Kann Ullrich seinen Namen jemals wieder reinwaschen?


„Er hätte schon längst für mehr Transparenz sorgen müssen, es hätte ihm doch klar sein müssen, dass die Wahrheit am Ende doch herauskommt, sagt Christoph Lütge, Professor für Wirtschaftsethik an der TU München. Ullrich hat bei seinen früheren Fans und Begleitern schon viel Kredit verspielt – retten könne er sich nur noch mit schonungsloser Wahrheit, meint Lütge. „Er muss alles auflisten, was er getan hat. Er muss ernste Reue zeigen. Dann gibt es in der Öffentlichkeit auch die Bereitschaft, ihm zu verzeihen.”

 


 

Seine Unschuld hatte Jan Ullrich längst verloren. Sportlich, als überführter (und inzwischen verurteilter) Doping- Radler. Und auch moralisch, da seine Aufarbeitung der Dopingskandale sich jahrelang auf vier Worte beschränkte: „Ich habe niemanden betrogen.” Hat er natürlich: wenn nicht die (ebenfalls zugepumpten) Konkurrenten, so doch seine Sponsoren und vor allem jene Fans, die in ihm immer noch den Top-Sportler mit Vorbildcharakter sehen.

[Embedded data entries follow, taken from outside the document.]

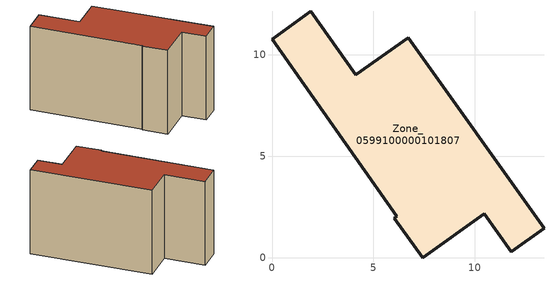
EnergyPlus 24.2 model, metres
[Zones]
Zone_0599100000101807
 floor ground (C_G): 6.15,2.04 0,10.78 1.9,12.14 4.14,9.01 6.72,10.85 13.42,1.44 11.81,0.29 10.47,2.17 7.44,0 6.04,1.95 z0
 wall outside (C_F): 4.14,9.01 1.9,12.14 0,10.78 6.15,2.04 6.04,1.95 7.44,0 10.47,2.17 11.81,0.29 13.42,1.44 6.72,10.85 4.14,9.01 z0:8.39
 roof outside (C_R): 0,10.78 6.15,2.04 6.04,1.95 7.44,0 10.47,2.17 11.81,0.29 13.42,1.44 6.72,10.85 4.14,9.01 1.9,12.14 z8.39
[BUILDING]
Pand.0599100000101807: North Axis=0; Terrain=City; Loads Convergence Tolerance Value=0.04; Temperature Convergence Tolerance Value=0.4; Solar Distribution=FullExterior; Maximum Number of Warmup Days=25; Minimum Number of Warmup Days=1
[Site:Location]
Rotterdam.The.Hague.AP_ZH_NLD Design_Conditions: Latitude=51.96; Longitude=4.45; Time Zone=1; Elevation=-4.5
[SITE:GROUNDTEMPERATURE:BUILDINGSURFACE]
18, 18, 18, 18, 18, 18, 18, 18, 18, 18, 18, 18
[MATERIAL] Thermal Absorptance=0.9; Solar Absorptance=0.7; Visible Absorptance=0.7
Name | Roughness | Thickness | Conductivity | Density | Specific Heat
G.TI.1975-1991 | MediumSmooth | 0.15 | 0.288461 | 540 | 1210
F.TI.1975-1991 | Rough | 0.3 | 0.230769 | 1920 | 840
R.TI.1975-1991 | MediumRough | 0.2 | 0.153846 | 1500 | 1000
[CONSTRUCTION]
C_G: G.TI.1975-1991
C_F: F.TI.1975-1991
C_R: R.TI.1975-1991
[ZONE]
Zone_0599100000101807: Type=1; Multiplier=1; Ceiling Height=Autocalculate; Volume=Autocalculate; Floor Area=autocalculate; Part of Total Floor Area=Yes
[ZONEINFILTRATION:DESIGNFLOWRATE]
Infil_Zone_0599100000101807: Zone or ZoneList or Space or SpaceList=Zone_0599100000101807; Schedule=AlwaysOn; Design Flow Rate Calculation Method=Flow/Area; Flow Rate per Floor Area=0.003; Constant Term Coefficient=1; Temperature Term Coefficient=0; Velocity Term Coefficient=0; Velocity Squared Term Coefficient=0
[HVACTEMPLATE:ZONE:IDEALLOADSAIRSYSTEM]
Zone_0599100000101807: Maximum Heating Supply Air Temperature=50; Minimum Cooling Supply Air Temperature=13; Maximum Heating Supply Air Humidity Ratio=0.0156; Minimum Cooling Supply Air Humidity Ratio=0.0077; Heating Limit=NoLimit; Cooling Limit=NoLimit; Dehumidification Control Type=ConstantSensibleHeatRatio; Cooling Sensible Heat Ratio=0.7; Dehumidification Setpoint=60; Humidification Control Type=None; Humidification Setpoint=30; Outdoor Air Method=None; Outdoor Air Flow Rate per Person=0.00944; Outdoor Air Flow Rate per Zone Floor Area=0; Outdoor Air Flow Rate per Zone=0; Demand Controlled Ventilation Type=None; Outdoor Air Economizer Type=NoEconomizer; Heat Recovery Type=None; Sensible Heat Recovery Effectiveness=0.7; Latent Heat Recovery Effectiveness=0.65
[ZONECONTROL:THERMOSTAT]
ThermostatControl_Zone_0599100000101807: Zone or ZoneList=Zone_0599100000101807; Control Type Schedule=DualSetpointControlType; Control 1=Thermostat_Zone_0599100000101807; Temperature Difference Between Cutout And Setpoint=0
[THERMOSTATSETPOINT:DUALSETPOINT]
Thermostat_Zone_0599100000101807: Heating Setpoint Temperature Schedule=HeatingSetpoint_Zone_0599100000101807; Cooling Setpoint Temperature Schedule=CoolingSetpoint_Zone_0599100000101807
[SCHEDULE:COMPACT]
HeatingSetpoint_Zone_0599100000101807: Through: 12/31, For: AllDays, Until: 24:00, 21
CoolingSetpoint_Zone_0599100000101807: Through: 12/31, For: AllDays, Until: 24:00, 24
DualSetpointControlType: Through: 12/31, For: AllDays, Until: 24:00, 4
AlwaysOn: Through: 12/31, For: AllDays, Until: 24:00, 1

Jahrelang hat er geschwiegen, nun endlich erklärt sich der gestürzte Held. Und verpasst doch eine Chance, als erster geständiger Dopingsünder die Mechanismen, Machenschaften und Mittelsmänner beim Namen zu nennen. Statt dessen schreibt er nur: „Ich bestätige, dass ich Kontakt zu Fuentes hatte...es tut mir sehr leid.” Klingt wie: „Ja, okay, Ich war mal eben beim falschen Doc, war keine gute Idee, Schwamm drüber.” Kommt ein Jan zum Arzt – welch schlechter Witz, dass Ullrich just in diesen Tagen einen Sponsorvertrag mit einem Unternehmen abschloss, das jahrelang mit „Doping für die Haare” warb.